Try "unscrewing" it.

IIRC, they are tight as heck, but they do unscrew.
Warm water can be your friend as you bruise your fingers.


----------



## bitshird (Oct 11, 2010)

I like the El Grandes, and the nib/grips are interchangeable and available I bought 10 from AZ Silhouette Never trued the TI I always use the Platinum or Rhodium which ever it is, also the chrome. They do write well right out of the bag and they feel good in the hand, kind of odd for a large pen.


----------



## DurocShark (Oct 11, 2010)

My favorite "big pen" customer loves the El Grande.

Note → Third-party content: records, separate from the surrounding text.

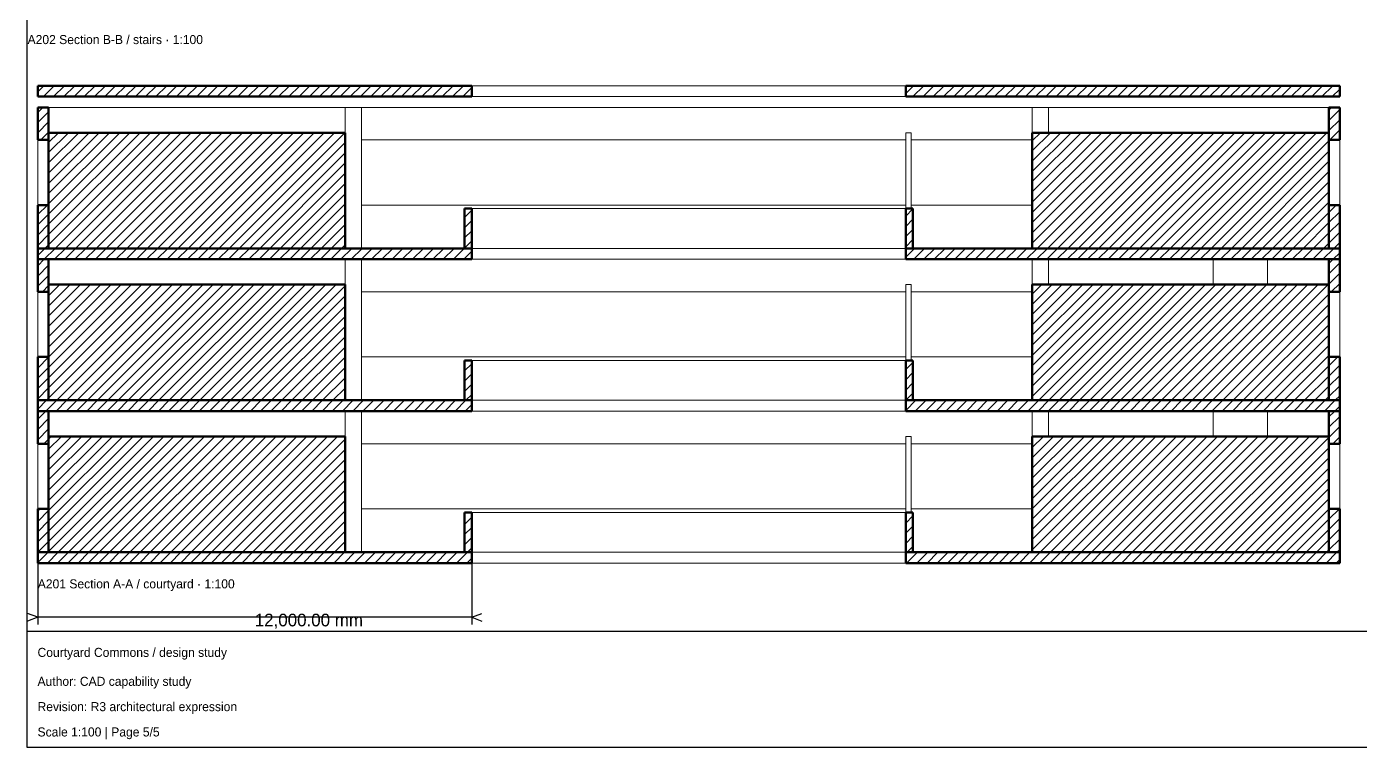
# Model space of a CAD drawing. Header units: millimetres. Extents: x 52468 to 53038, y 12 to 408.
# Drawn here: x 52468 to 52836.8, y 12 to 211.3 of the extents above; entities that cross this region are included whole.
import ezdxf

# ---------------------------------------------------------------- set-up
doc = ezdxf.new("R2010")
doc.units = ezdxf.units.MM
doc.layers.add('90 Derived drawings', color=7, linetype='CONTINUOUS', lineweight=25, true_color=0x202020)
doc.layers.add('Default', color=7, linetype='CONTINUOUS', lineweight=25, true_color=0x4f8cff)

msp = doc.modelspace()

# ---------------------------------------------------------------- linework, layer by layer
at = {"layer": '90 Derived drawings', "linetype": 'CONTINUOUS', "lineweight": 50, "true_color": 0x202020}
for p, q in [((52471.07, 191.95), (52471.07, 194.95)), ((52591.07, 194.95), (52471.07, 194.95)), ((52591.07, 191.95), (52471.07, 191.95)), ((52591.07, 191.95), (52591.07, 194.95)), ((52711.07, 191.95), (52711.07, 194.95)), ((52831.07, 194.95), (52711.07, 194.95)), ((52831.07, 191.95), (52711.07, 191.95)), ((52831.07, 191.95), (52831.07, 194.95)), ((52471.07, 179.95), (52471.07, 188.95)), ((52474.07, 188.95), (52471.07, 188.95)), ((52474.07, 179.95), (52474.07, 188.95)), ((52828.07, 179.95), (52828.07, 188.95)), ((52831.07, 188.95), (52828.07, 188.95)), ((52831.07, 179.95), (52831.07, 188.95)), ((52474.07, 149.95), (52474.07, 181.95)), ((52474.07, 181.95), (52556.07, 181.95)), ((52556.07, 149.95), (52556.07, 181.95)), ((52746.07, 149.95), (52746.07, 181.95)), ((52746.07, 181.95), (52828.07, 181.95)), ((52828.07, 149.95), (52828.07, 181.95)), ((52474.07, 179.95), (52471.07, 179.95)), ((52831.07, 179.95), (52828.07, 179.95)), ((52471.07, 149.95), (52471.07, 161.95)), ((52474.07, 161.95), (52471.07, 161.95)), ((52474.07, 149.95), (52474.07, 161.95)), ((52589.07, 149.95), (52589.07, 160.95)), ((52591.07, 160.95), (52589.07, 160.95)), ((52591.07, 149.95), (52591.07, 160.95)), ((52711.07, 149.95), (52711.07, 160.95)), ((52713.07, 160.95), (52711.07, 160.95)), ((52713.07, 149.95), (52713.07, 160.95)), ((52828.07, 149.95), (52828.07, 161.95)), ((52831.07, 161.95), (52828.07, 161.95)), ((52831.07, 149.95), (52831.07, 161.95)), ((52471.07, 146.95), (52471.07, 149.95)), ((52591.07, 149.95), (52471.07, 149.95)), ((52474.07, 149.95), (52471.07, 149.95)), ((52474.07, 149.95), (52556.07, 149.95)), ((52591.07, 149.95), (52589.07, 149.95)), ((52591.07, 146.95), (52591.07, 149.95)), ((52711.07, 146.95), (52711.07, 149.95)), ((52831.07, 149.95), (52711.07, 149.95)), ((52713.07, 149.95), (52711.07, 149.95)), ((52746.07, 149.95), (52828.07, 149.95)), ((52831.07, 149.95), (52828.07, 149.95)), ((52831.07, 146.95), (52831.07, 149.95)), ((52471.07, 137.95), (52471.07, 146.95)), ((52474.07, 146.95), (52471.07, 146.95)), ((52591.07, 146.95), (52471.07, 146.95)), ((52474.07, 137.95), (52474.07, 146.95)), ((52831.07, 146.95), (52711.07, 146.95)), ((52828.07, 137.95), (52828.07, 146.95)), ((52831.07, 146.95), (52828.07, 146.95)), ((52831.07, 137.95), (52831.07, 146.95)), ((52474.07, 137.95), (52471.07, 137.95)), ((52474.07, 107.95), (52474.07, 139.95)), ((52474.07, 139.95), (52556.07, 139.95)), ((52556.07, 107.95), (52556.07, 139.95)), ((52746.07, 107.95), (52746.07, 139.95)), ((52746.07, 139.95), (52828.07, 139.95)), ((52828.07, 107.95), (52828.07, 139.95)), ((52831.07, 137.95), (52828.07, 137.95)), ((52471.07, 107.95), (52471.07, 119.95)), ((52474.07, 119.95), (52471.07, 119.95)), ((52474.07, 107.95), (52474.07, 119.95)), ((52589.07, 107.95), (52589.07, 118.95)), ((52591.07, 118.95), (52589.07, 118.95)), ((52591.07, 107.95), (52591.07, 118.95)), ((52711.07, 107.95), (52711.07, 118.95)), ((52713.07, 118.95), (52711.07, 118.95)), ((52713.07, 107.95), (52713.07, 118.95)), ((52828.07, 107.95), (52828.07, 119.95)), ((52831.07, 119.95), (52828.07, 119.95)), ((52831.07, 107.95), (52831.07, 119.95)), ((52471.07, 104.95), (52471.07, 107.95)), ((52591.07, 107.95), (52471.07, 107.95)), ((52474.07, 107.95), (52471.07, 107.95)), ((52474.07, 107.95), (52556.07, 107.95)), ((52591.07, 107.95), (52589.07, 107.95)), ((52591.07, 104.95), (52591.07, 107.95)), ((52711.07, 104.95), (52711.07, 107.95)), ((52831.07, 107.95), (52711.07, 107.95)), ((52713.07, 107.95), (52711.07, 107.95)), ((52746.07, 107.95), (52828.07, 107.95)), ((52831.07, 107.95), (52828.07, 107.95)), ((52831.07, 104.95), (52831.07, 107.95)), ((52471.07, 95.95), (52471.07, 104.95)), ((52474.07, 104.95), (52471.07, 104.95)), ((52591.07, 104.95), (52471.07, 104.95)), ((52474.07, 95.95), (52474.07, 104.95)), ((52831.07, 104.95), (52711.07, 104.95)), ((52828.07, 95.95), (52828.07, 104.95)), ((52831.07, 104.95), (52828.07, 104.95)), ((52831.07, 95.95), (52831.07, 104.95)), ((52474.07, 95.95), (52471.07, 95.95)), ((52474.07, 65.95), (52474.07, 97.95)), ((52474.07, 97.95), (52556.07, 97.95)), ((52556.07, 65.95), (52556.07, 97.95)), ((52746.07, 65.95), (52746.07, 97.95)), ((52746.07, 97.95), (52828.07, 97.95)), ((52828.07, 65.95), (52828.07, 97.95)), ((52831.07, 95.95), (52828.07, 95.95)), ((52471.07, 65.95), (52471.07, 77.95)), ((52474.07, 77.95), (52471.07, 77.95)), ((52474.07, 65.95), (52474.07, 77.95)), ((52828.07, 65.95), (52828.07, 77.95)), ((52831.07, 77.95), (52828.07, 77.95)), ((52831.07, 65.95), (52831.07, 77.95)), ((52589.07, 65.95), (52589.07, 76.95)), ((52591.07, 76.95), (52589.07, 76.95)), ((52591.07, 65.95), (52591.07, 76.95)), ((52711.07, 65.95), (52711.07, 76.95)), ((52713.07, 76.95), (52711.07, 76.95)), ((52713.07, 65.95), (52713.07, 76.95)), ((52471.07, 62.95), (52471.07, 65.95)), ((52591.07, 65.95), (52471.07, 65.95)), ((52474.07, 65.95), (52471.07, 65.95)), ((52591.07, 62.95), (52471.07, 62.95)), ((52474.07, 65.95), (52556.07, 65.95)), ((52591.07, 65.95), (52589.07, 65.95)), ((52591.07, 62.95), (52591.07, 65.95)), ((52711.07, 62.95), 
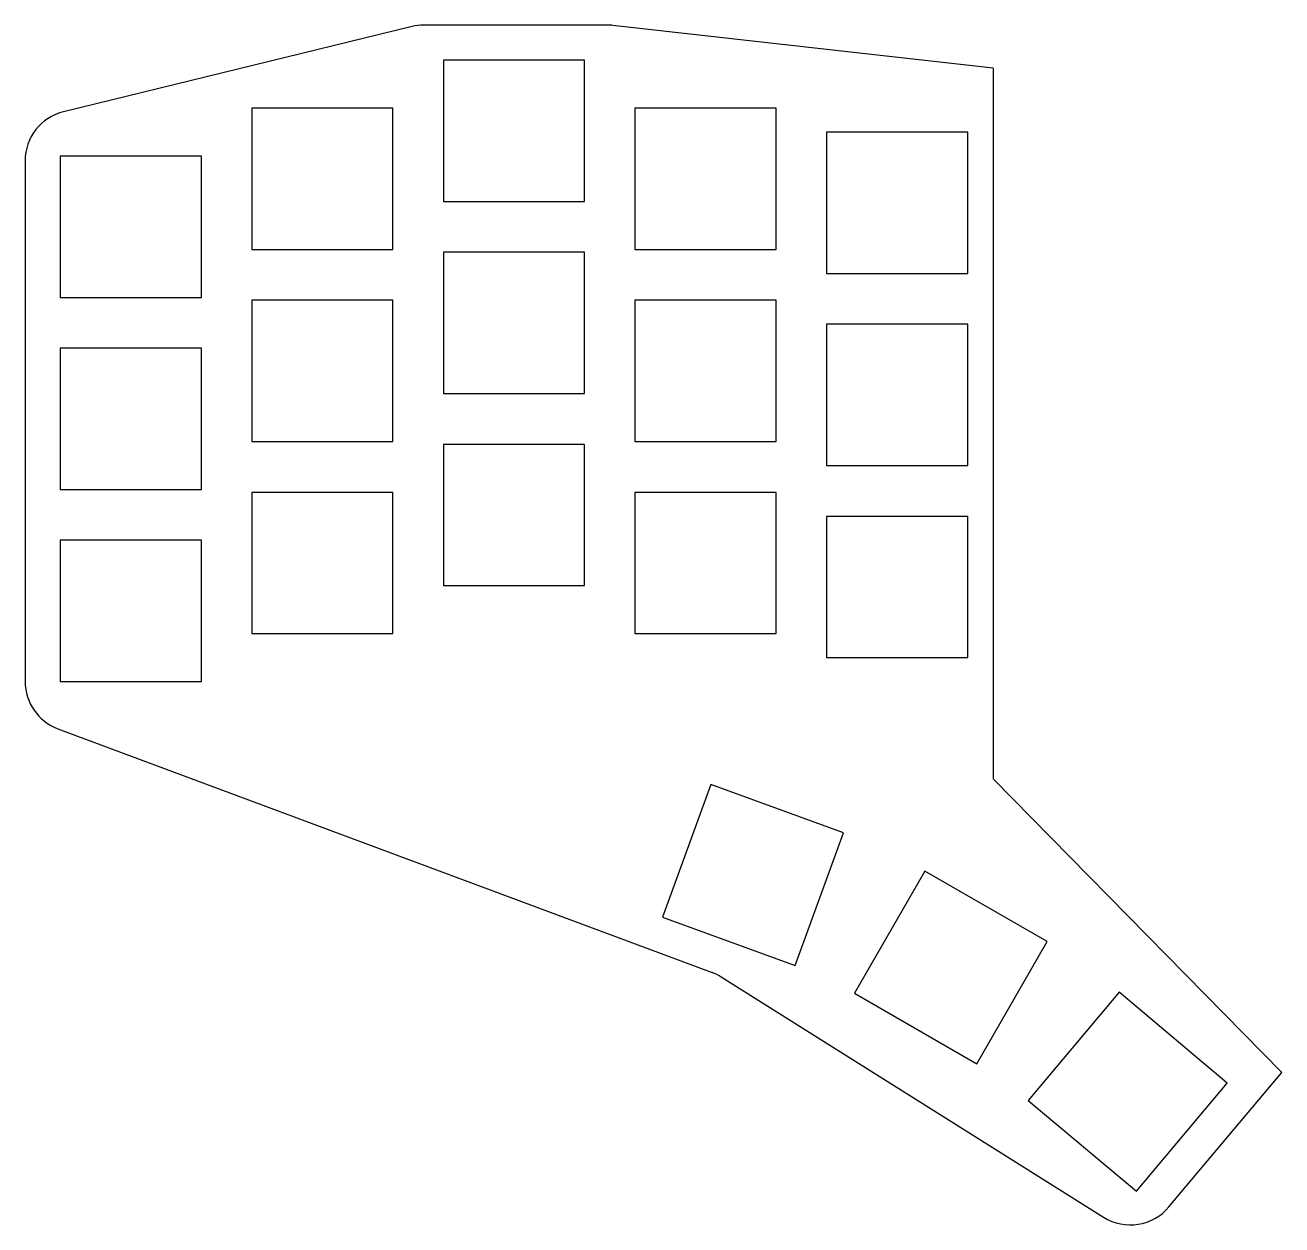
# Model space of a CAD drawing. Header units: millimetres. Extents: x 142 to 267, y -213 to -94.
import ezdxf

# ---------------------------------------------------------------- set-up
doc = ezdxf.new("R2010")
doc.units = ezdxf.units.MM

msp = doc.modelspace()

# ---------------------------------------------------------------- linework, layer by layer
for p, q in [((180.29, -94.44), (145.73, -102.89)), ((199.65, -94.3), (181.48, -94.3)), ((237.93, -98.55), (200.2, -94.33)), ((197.4, -97.78), (183.4, -97.78)), ((183.4, -97.78), (183.4, -111.78)), ((197.4, -111.78), (197.4, -97.78)), ((237.93, -98.55), (237.93, -169.07)), ((178.4, -102.54), (164.4, -102.54)), ((164.4, -102.54), (164.4, -116.54)), ((178.4, -116.54), (178.4, -102.54)), ((216.4, -102.54), (202.4, -102.54)), ((202.4, -102.54), (202.4, -116.54)), ((216.4, -116.54), (216.4, -102.54)), ((235.4, -104.92), (221.4, -104.92)), ((221.4, -104.92), (221.4, -118.92)), ((235.4, -118.92), (235.4, -104.92)), ((141.92, -107.75), (141.92, -159.4)), ((159.4, -107.3), (145.4, -107.3)), ((145.4, -107.3), (145.4, -121.3)), ((159.4, -121.3), (159.4, -107.3)), ((183.4, -111.78), (197.4, -111.78)), ((164.4, -116.54), (178.4, -116.54)), ((197.4, -116.83), (183.4, -116.83)), ((183.4, -116.83), (183.4, -130.82)), ((197.4, -130.82), (197.4, -116.83)), ((202.4, -116.54), (216.4, -116.54)), ((221.4, -118.92), (235.4, -118.92)), ((145.4, -121.3), (159.4, -121.3)), ((178.4, -121.59), (164.4, -121.59)), ((164.4, -121.59), (164.4, -135.59)), ((178.4, -135.59), (178.4, -121.59)), ((216.4, -121.59), (202.4, -121.59)), ((202.4, -121.59), (202.4, -135.59)), ((216.4, -135.59), (216.4, -121.59)), ((235.4, -123.97), (221.4, -123.97)), ((221.4, -123.97), (221.4, -137.97)), ((235.4, -137.97), (235.4, -123.97)), ((159.4, -126.35), (145.4, -126.35)), ((145.4, -126.35), (145.4, -140.35)), ((159.4, -140.35), (159.4, -126.35)), ((183.4, -130.82), (197.4, -130.82)), ((164.4, -135.59), (178.4, -135.59)), ((202.4, -135.59), (216.4, -135.59)), ((197.4, -135.88), (183.4, -135.88)), ((183.4, -135.88), (183.4, -149.88)), ((197.4, -149.88), (197.4, -135.88)), ((221.4, -137.97), (235.4, -137.97)), ((145.4, -140.35), (159.4, -140.35)), ((178.4, -140.64), (164.4, -140.64)), ((164.4, -140.64), (164.4, -154.64)), ((178.4, -154.64), (178.4, -140.64)), ((216.4, -140.64), (202.4, -140.64)), ((202.4, -140.64), (202.4, -154.64)), ((216.4, -154.64), (216.4, -140.64)), ((235.4, -143.02), (221.4, -143.02)), ((221.4, -143.02), (221.4, -157.02)), ((235.4, -157.02), (235.4, -143.02)), ((159.4, -145.4), (145.4, -145.4)), ((145.4, -145.4), (145.4, -159.4)), ((159.4, -159.4), (159.4, -145.4)), ((183.4, -149.88), (197.4, -149.88)), ((164.4, -154.64), (178.4, -154.64)), ((202.4, -154.64), (216.4, -154.64)), ((221.4, -157.02), (235.4, -157.02)), ((145.4, -159.4), (159.4, -159.4)), ((145.18, -164.09), (210.05, -188.26)), ((237.93, -169.07), (266.56, -198.17)), ((209.93, -169.62), (205.14, -182.78)), ((223.08, -174.41), (209.93, -169.62)), ((218.3, -187.57), (223.08, -174.41)), ((231.16, -178.2), (224.16, -190.32)), ((243.29, -185.2), (231.16, -178.2)), ((205.14, -182.78), (218.3, -187.57)), ((236.29, -197.32), (243.29, -185.2)), ((210.96, -188.71), (248.87, -212.53)), ((224.16, -190.32), (236.29, -197.32)), ((250.41, -190.23), (241.41, -200.95)), ((261.13, -199.23), (250.41, -190.23)), ((252.13, -209.95), (261.13, -199.23)), ((255.36, -211.51), (266.56, -198.17)), ((241.41, -200.95), (252.13, -209.95))]:
    msp.add_line(p, q)
for centre, start, end in [((181.48, -99.3), 90, 103.7408), ((199.65, -99.3), 83.6097, 90), ((146.92, -107.75), 103.7408, 180), ((146.92, -159.4), 180, 249.5653), ((208.3, -192.95), 57.8555, 69.5653), ((251.53, -208.3), 237.8555, 320)]:
    msp.add_arc(centre, 5, start, end)

doc.saveas('drawing.dxf')

She now has 5 of mine.


----------



## diver123 (Oct 11, 2010)

ok so the pen sounds good. now who on here sales them thats not gonna hit me with a huge shipping charge for one pen or two?


----------



## glycerine (Oct 13, 2010)

diver123 said:


> ok so the pen sounds good. now who on here sales them thats not gonna hit me with a huge shipping charge for one pen or two?


 
Depends on where you live, but I believe most people will CHARGE you roughly what it's COSTS them to ship the item(s)...


----------



## JerrySambrook (Oct 16, 2010)

There is no real gold in gold TiN, that is the oxidation color that is created in nitrogen.
Some of the other colors that can be achieved are blues, silvers, greys , and greens, depending on what the gas is that is used in the electrical chamber.


----------